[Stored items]
------
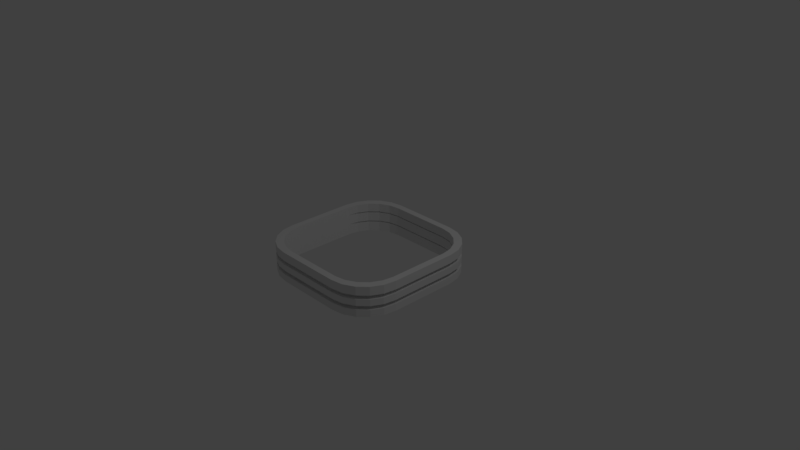 # Source: plant_box.blend  (saved by Blender 2.79.0; exported with 4.5.12 LTS)
import bpy
from mathutils import Matrix  # noqa: F401  (used for matrix-valued properties, if any)

bpy.ops.wm.read_factory_settings(use_empty=True)
scene = bpy.context.scene
scene.name = 'Scene'

# ---- collections
col_collection_1 = bpy.data.collections.new('Collection 1'); scene.collection.children.link(col_collection_1)

# ---- world
world_world = bpy.data.worlds.new('World'); scene.world = world_world
world_world.color = (0.05088, 0.05088, 0.05088)
world_world.use_sun_shadow = False
world_world.sun_shadow_jitter_overblur = 0.0
world_world.cycles.sampling_method = 'MANUAL'

# ---- cameras
cam_camera = bpy.data.cameras.new('Camera')
cam_camera.clip_end = 100.0
cam_camera.lens = 35.0
cam_camera.sensor_width = 32.0
cam_camera.sensor_height = 18.0
cam_camera.ortho_scale = 7.314
cam_camera.dof.focus_distance = 0.0
cam_camera.dof.aperture_fstop = 128.0

# ---- lights
light_lamp = bpy.data.lights.new('Lamp', 'POINT')
light_lamp.transmission_factor = 0.0
light_lamp.cutoff_distance = 30.0
light_lamp.energy = 100.0
light_lamp.shadow_buffer_clip_start = 1.001
light_lamp.shadow_soft_size = 0.1
light_lamp.shadow_maximum_resolution = 0.006
light_lamp.use_absolute_resolution = True

# ---- meshes
me_cube_003 = bpy.data.meshes.new('Cube.003')
me_cube_003.from_pydata([(-0.4623, -1.0, -0.2055), (-1.0, -0.4623, -0.2055), (-0.6284, -0.9737, -0.2055), (-0.7783, -0.8973, -0.2055), (-0.8973, -0.7783, -0.2055), (-0.9737, -0.6284, -0.2055), (-1.0, -0.4623, -0.1634), (-0.4623, -1.0, -0.1634), (-0.9737, -0.6284, -0.1634), (-0.8973, -0.7783, -0.1634), (-0.7783, -0.8973, -0.1634), (-0.6284, -0.9737, -0.1634), (-1.0, 0.4623, -0.2239), (-0.4623, 1.0, -0.2239), (-0.9737, 0.6284, -0.2239), (-0.8973, 0.7783, -0.2239), (-0.7783, 0.8973, -0.2239), (-0.6284, 0.9737, -0.2239), (-0.4623, 1.0, -0.1634), (-1.0, 0.4623, -0.1634), (-0.6284, 0.9737, -0.1634), (-0.7783, 0.8973, -0.1634), (-0.8973, 0.7783, -0.1634), (-0.9737, 0.6284, -0.1634), (1.0, -0.4623, -0.2239), (0.4623, -1.0, -0.2055), (0.9737, -0.6284, -0.2055), (0.8973, -0.7783, -0.2055), (0.7783, -0.8973, -0.2055), (0.6284, -0.9737, -0.2055), (0.4623, -1.0, -0.1634), (1.0, -0.4623, -0.1634), (0.6284, -0.9737, -0.1634), (0.7783, -0.8973, -0.1634), (0.8973, -0.7783, -0.1634), (0.9737, -0.6284, -0.1634), (0.4623, 1.0, -0.2239), (1.0, 0.4623, -0.2239), (0.6284, 0.9737, -0.2239), (0.7783, 0.8973, -0.2239), (0.8973, 0.7783, -0.2239), (0.9737, 0.6284, -0.2239), (1.0, 0.4623, -0.1634), (0.4623, 1.0, -0.1634), (0.9737, 0.6284, -0.1634), (0.8973, 0.7783, -0.1634), (0.7783, 0.8973, -0.1634), (0.6284, 0.9737, -0.1634), (0.9446, -0.6097, -0.1634), (0.9446, -0.6097, -0.2055), (0.8705, -0.7551, -0.1634), (0.8705, -0.7551, -0.2055), (0.6097, -0.9446, -0.1634), (0.6097, -0.9446, -0.2055), (0.7551, -0.8705, -0.1634), (0.7551, -0.8705, -0.2055), (0.4485, -0.9702, -0.2055), (0.4485, -0.9702, -0.1634), (-0.4485, -0.9702, -0.1634), (-0.4485, -0.9702, -0.2055), (-0.6097, -0.9446, -0.2055), (-0.6097, -0.9446, -0.1634), (-0.7551, -0.8705, -0.2055), (-0.7551, -0.8705, -0.1634), (-0.8705, -0.7551, -0.2055), (-0.8705, -0.7551, -0.1634), (-0.9702, -0.4485, -0.2055), (-0.9702, -0.4485, -0.1634), (-0.9446, -0.6097, -0.2055), (-0.9446, -0.6097, -0.1634), (0.9702, -0.4485, -0.1634), (0.9702, -0.4485, -0.2239), (-0.9702, 0.4485, -0.1634), (-0.9702, 0.4485, -0.2239), (0.9702, 0.4485, -0.2239), (0.9702, 0.4485, -0.1634), (0.9446, 0.6097, -0.1634), (0.9446, 0.6097, -0.2239), (-0.9446, 0.6097, -0.2239), (-0.9446, 0.6097, -0.1634), (0.8705, 0.7551, -0.1634), (0.8705, 0.7551, -0.2239), (-0.7551, 0.8705, -0.2239), (-0.7551, 0.8705, -0.1634), (-0.8705, 0.7551, -0.2239), (-0.8705, 0.7551, -0.1634), (0.7551, 0.8705, -0.1634), (0.7551, 0.8705, -0.2239), (0.6097, 0.9446, -0.1634), (0.6097, 0.9446, -0.2239), (-0.6097, 0.9446, -0.1634), (-0.6097, 0.9446, -0.2239), (0.4485, 0.9702, -0.1634), (0.4485, 0.9702, -0.2239), (-0.4485, 0.9702, -0.1634), (-0.4485, 0.9702, -0.2239)], [], [(25, 30, 7, 0), (37, 42, 31, 24), (42, 75, 70, 48, 50, 54, 52, 57, 58, 61, 63, 65, 69, 67, 6, 8, 9, 10, 11, 7, 30, 32, 33, 34, 35, 31), (1, 6, 19, 12), (13, 18, 43, 36), (0, 7, 11, 2), (2, 11, 10, 3), (3, 10, 9, 4), (4, 9, 8, 5), (5, 8, 6, 1), (18, 13, 17, 20), (20, 17, 16, 21), (21, 16, 15, 22), (22, 15, 14, 23), (23, 14, 12, 19), (42, 37, 41, 44), (44, 41, 40, 45), (45, 40, 39, 46), (46, 39, 38, 47), (47, 38, 36, 43), (30, 25, 29, 32), (32, 29, 28, 33), (33, 28, 27, 34), (34, 27, 26, 35), (35, 26, 24, 31), (12, 73, 66, 68, 64, 62, 60, 59, 56, 53, 55, 51, 49, 71, 24, 26, 27, 28, 29, 25, 0, 2, 3, 4, 5, 1), (62, 63, 61, 60), (60, 61, 58, 59), (64, 65, 63, 62), (73, 72, 67, 66), (52, 53, 56, 57), (6, 67, 72, 79, 85, 83, 90, 94, 92, 88, 86, 80, 76, 75, 42, 44, 45, 46, 47, 43, 18, 20, 21, 22, 23, 19), (70, 71, 49, 48), (68, 69, 65, 64), (90, 91, 95, 94), (86, 87, 81, 80), (66, 67, 69, 68), (76, 77, 74, 75), (24, 71, 74, 77, 81, 87, 89, 93, 95, 91, 82, 84, 78, 73, 12, 14, 15, 16, 17, 13, 36, 38, 39, 40, 41, 37), (83, 82, 91, 90), (72, 73, 78, 79), (50, 51, 55, 54), (92, 93, 89, 88), (88, 89, 87, 86), (59, 58, 57, 56), (54, 55, 53, 52), (80, 81, 77, 76), (79, 78, 84, 85), (85, 84, 82, 83), (71, 70, 75, 74), (93, 92, 94, 95), (48, 49, 51, 50)])
me_cube_003.use_remesh_preserve_volume = False
me_cube_003.use_remesh_preserve_attributes = False
me_cube_003.use_mirror_vertex_groups = False
me_cube_003.update()
me_cube_002 = bpy.data.meshes.new('Cube.002')
me_cube_002.from_pydata([(-0.4623, -1.0, -0.2055), (-1.0, -0.4623, -0.2055), (-0.6284, -0.9737, -0.2055), (-0.7783, -0.8973, -0.2055), (-0.8973, -0.7783, -0.2055), (-0.9737, -0.6284, -0.2055), (-1.0, -0.4623, -0.1634), (-0.4623, -1.0, -0.1634), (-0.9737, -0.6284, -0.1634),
------
Exercise aim: From the records above, reproduce exactly the lines from the one with "cam_camera.dof.focus_distance = 0.0" to the one with "light_lamp.use_absolute_resolution = True", both included, and no others.

Expected output:
cam_camera.dof.focus_distance = 0.0
cam_camera.dof.aperture_fstop = 128.0

# ---- lights
light_lamp = bpy.data.lights.new('Lamp', 'POINT')
light_lamp.transmission_factor = 0.0
light_lamp.cutoff_distance = 30.0
light_lamp.energy = 100.0
light_lamp.shadow_buffer_clip_start = 1.001
light_lamp.shadow_soft_size = 0.1
light_lamp.shadow_maximum_resolution = 0.006
light_lamp.use_absolute_resolution = True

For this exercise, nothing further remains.